§ Task objective
Set down exactly the lines in the records below that run from the line with "#33=ORIENTED_EDGE('',*,*,#32,.F.);" to the line with "#77=VECTOR('',#76,1.);", inclusive, and nothing more.

§ Data for this task

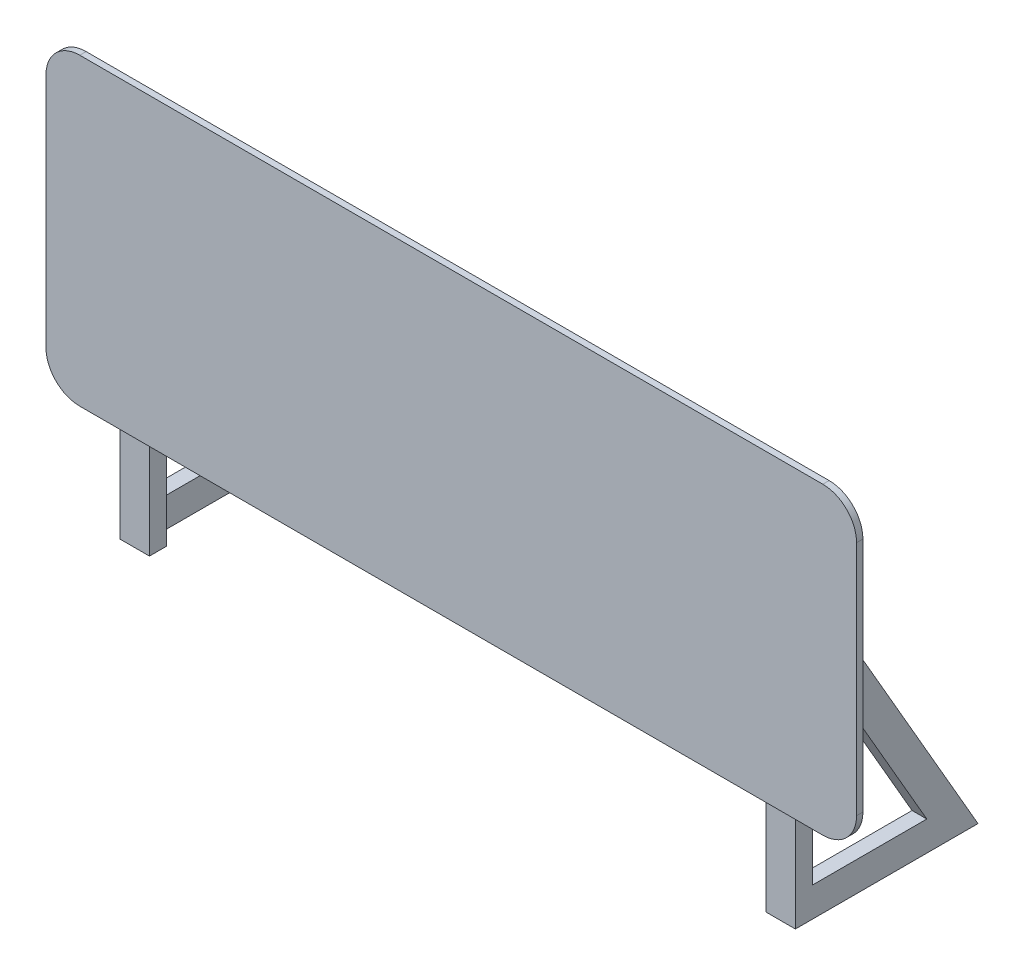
ISO-10303-21;
HEADER;
FILE_DESCRIPTION(('STEP AP214'),'2;1');
FILE_NAME('part.step','',(''),(''),'','','');
FILE_SCHEMA(('AUTOMOTIVE_DESIGN { 1 0 10303 214 1 1 1 1 }'));
ENDSEC;
DATA;
#1=APPLICATION_CONTEXT('core data for automotive mechanical design processes');
#2=APPLICATION_PROTOCOL_DEFINITION('international standard','automotive_design',2000,#1);
#3=PRODUCT_CONTEXT('',#1,'mechanical');
#4=PRODUCT('Part','Part','',(#3));
#5=PRODUCT_RELATED_PRODUCT_CATEGORY('part','',(#4));
#6=PRODUCT_DEFINITION_FORMATION('','',#4);
#7=PRODUCT_DEFINITION_CONTEXT('part definition',#1,'design');
#8=PRODUCT_DEFINITION('design','',#6,#7);
#9=PRODUCT_DEFINITION_SHAPE('','',#8);
#10=(LENGTH_UNIT() NAMED_UNIT(*) SI_UNIT(.MILLI.,.METRE.));
#11=(NAMED_UNIT(*) PLANE_ANGLE_UNIT() SI_UNIT($,.RADIAN.));
#12=(NAMED_UNIT(*) SI_UNIT($,.STERADIAN.) SOLID_ANGLE_UNIT());
#13=UNCERTAINTY_MEASURE_WITH_UNIT(LENGTH_MEASURE(1.E-05),#10,'distance_accuracy_value','');
#14=(GEOMETRIC_REPRESENTATION_CONTEXT(3) GLOBAL_UNCERTAINTY_ASSIGNED_CONTEXT((#13)) GLOBAL_UNIT_ASSIGNED_CONTEXT((#10,
#11,#12)) REPRESENTATION_CONTEXT('',''));
#15=CARTESIAN_POINT('',(0.,0.,0.));
#16=DIRECTION('',(0.,0.,1.));
#17=DIRECTION('',(1.,0.,0.));
#18=AXIS2_PLACEMENT_3D('',#15,#16,#17);
#19=CARTESIAN_POINT('',(1016.,152.4,-50.8));
#20=DIRECTION('',(0.,0.,-1.));
#21=DIRECTION('',(-1.,0.,0.));
#22=AXIS2_PLACEMENT_3D('',#19,#20,#21);
#23=PLANE('',#22);
#24=DIRECTION('',(1.,0.,0.));
#25=VECTOR('',#24,1.);
#26=CARTESIAN_POINT('',(927.1,673.1,-50.8));
#27=LINE('',#26,#25);
#28=CARTESIAN_POINT('',(-927.1,673.1,-50.8));
#29=VERTEX_POINT('',#28);
#30=CARTESIAN_POINT('',(927.1,673.1,-50.8));
#31=VERTEX_POINT('',#30);
#32=EDGE_CURVE('E329',#29,#31,#27,.T.);
#33=ORIENTED_EDGE('',*,*,#32,.F.);
#34=DIRECTION('',(0.,1.,0.));
#35=VECTOR('',#34,1.);
#36=CARTESIAN_POINT('',(-927.1,673.1,-50.8));
#37=LINE('',#36,#35);
#38=CARTESIAN_POINT('',(-927.1,241.3,-50.8));
#39=VERTEX_POINT('',#38);
#40=EDGE_CURVE('E327',#39,#29,#37,.T.);
#41=ORIENTED_EDGE('',*,*,#40,.F.);
#42=DIRECTION('',(-1.,0.,0.));
#43=VECTOR('',#42,1.);
#44=CARTESIAN_POINT('',(927.1,241.3,-50.8));
#45=LINE('',#44,#43);
#46=CARTESIAN_POINT('',(927.1,241.3,-50.8));
#47=VERTEX_POINT('',#46);
#48=EDGE_CURVE('E335',#47,#39,#45,.T.);
#49=ORIENTED_EDGE('',*,*,#48,.F.);
#50=DIRECTION('',(0.,-1.,0.));
#51=VECTOR('',#50,1.);
#52=CARTESIAN_POINT('',(927.1,673.1,-50.8));
#53=LINE('',#52,#51);
#54=EDGE_CURVE('E332',#31,#47,#53,.T.);
#55=ORIENTED_EDGE('',*,*,#54,.F.);
#56=EDGE_LOOP('',(#33,#41,#49,#55));
#57=FACE_BOUND('',#56,.T.);
#58=DIRECTION('',(0.,-1.,0.));
#59=VECTOR('',#58,1.);
#60=CARTESIAN_POINT('',(1016.,762.,-50.8));
#61=LINE('',#60,#59);
#62=CARTESIAN_POINT('',(1016.,381.000000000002,-50.8));
#63=VERTEX_POINT('',#62);
#64=CARTESIAN_POINT('',(1016.,-215.9,-50.8));
#65=VERTEX_POINT('',#64);
#66=EDGE_CURVE('E360',#63,#65,#61,.T.);
#67=ORIENTED_EDGE('',*,*,#66,.T.);
#68=DIRECTION('',(1.,0.,0.));
#69=VECTOR('',#68,1.);
#70=CARTESIAN_POINT('',(971.55,-215.9,-50.8));
#71=LINE('',#70,#69);
#72=CARTESIAN_POINT('',(971.55,-215.9,-50.8));
#73=VERTEX_POINT('',#72);
#74=EDGE_CURVE('E49',#73,#65,#71,.T.);
#75=ORIENTED_EDGE('',*,*,#74,.F.);
#76=DIRECTION('',(0.,1.,0.));
#77=VECTOR('',#76,1.);
#78=CARTESIAN_POINT('',(971.55,-304.8,-50.8));
#79=LINE('',#78,#77);
#80=CARTESIAN_POINT('',(971.55,-304.8,-50.8));
#81=VERTEX_POINT('',#80);
#82=EDGE_CURVE('E251',#81,#73,#79,.T.);
#83=ORIENTED_EDGE('',*,*,#82,.F.);
#84=DIRECTION('',(-1.,0.,0.));
#85=VECTOR('',#84,1.);
#86=CARTESIAN_POINT('',(1016.,-304.8,-50.8));
#87=LINE('',#86,#85);
#88=CARTESIAN_POINT('',(927.1,-304.8,-50.8));
#89=VERTEX_POINT('',#88);
#90=EDGE_CURVE('E359',#81,#89,#87,.T.);
#91=ORIENTED_EDGE('',*,*,#90,.T.);
#92=DIRECTION('',(0.,1.,0.));
#93=VECTOR('',#92,1.);
#94=CARTESIAN_POINT('',(927.1,152.4,-50.8));
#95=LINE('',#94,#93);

§ Answer space
#33=ORIENTED_EDGE('',*,*,#32,.F.);
#34=DIRECTION('',(0.,1.,0.));
#35=VECTOR('',#34,1.);
#36=CARTESIAN_POINT('',(-927.1,673.1,-50.8));
#37=LINE('',#36,#35);
#38=CARTESIAN_POINT('',(-927.1,241.3,-50.8));
#39=VERTEX_POINT('',#38);
#40=EDGE_CURVE('E327',#39,#29,#37,.T.);
#41=ORIENTED_EDGE('',*,*,#40,.F.);
#42=DIRECTION('',(-1.,0.,0.));
#43=VECTOR('',#42,1.);
#44=CARTESIAN_POINT('',(927.1,241.3,-50.8));
#45=LINE('',#44,#43);
#46=CARTESIAN_POINT('',(927.1,241.3,-50.8));
#47=VERTEX_POINT('',#46);
#48=EDGE_CURVE('E335',#47,#39,#45,.T.);
#49=ORIENTED_EDGE('',*,*,#48,.F.);
#50=DIRECTION('',(0.,-1.,0.));
#51=VECTOR('',#50,1.);
#52=CARTESIAN_POINT('',(927.1,673.1,-50.8));
#53=LINE('',#52,#51);
#54=EDGE_CURVE('E332',#31,#47,#53,.T.);
#55=ORIENTED_EDGE('',*,*,#54,.F.);
#56=EDGE_LOOP('',(#33,#41,#49,#55));
#57=FACE_BOUND('',#56,.T.);
#58=DIRECTION('',(0.,-1.,0.));
#59=VECTOR('',#58,1.);
#60=CARTESIAN_POINT('',(1016.,762.,-50.8));
#61=LINE('',#60,#59);
#62=CARTESIAN_POINT('',(1016.,381.000000000002,-50.8));
#63=VERTEX_POINT('',#62);
#64=CARTESIAN_POINT('',(1016.,-215.9,-50.8));
#65=VERTEX_POINT('',#64);
#66=EDGE_CURVE('E360',#63,#65,#61,.T.);
#67=ORIENTED_EDGE('',*,*,#66,.T.);
#68=DIRECTION('',(1.,0.,0.));
#69=VECTOR('',#68,1.);
#70=CARTESIAN_POINT('',(971.55,-215.9,-50.8));
#71=LINE('',#70,#69);
#72=CARTESIAN_POINT('',(971.55,-215.9,-50.8));
#73=VERTEX_POINT('',#72);
#74=EDGE_CURVE('E49',#73,#65,#71,.T.);
#75=ORIENTED_EDGE('',*,*,#74,.F.);
#76=DIRECTION('',(0.,1.,0.));
#77=VECTOR('',#76,1.);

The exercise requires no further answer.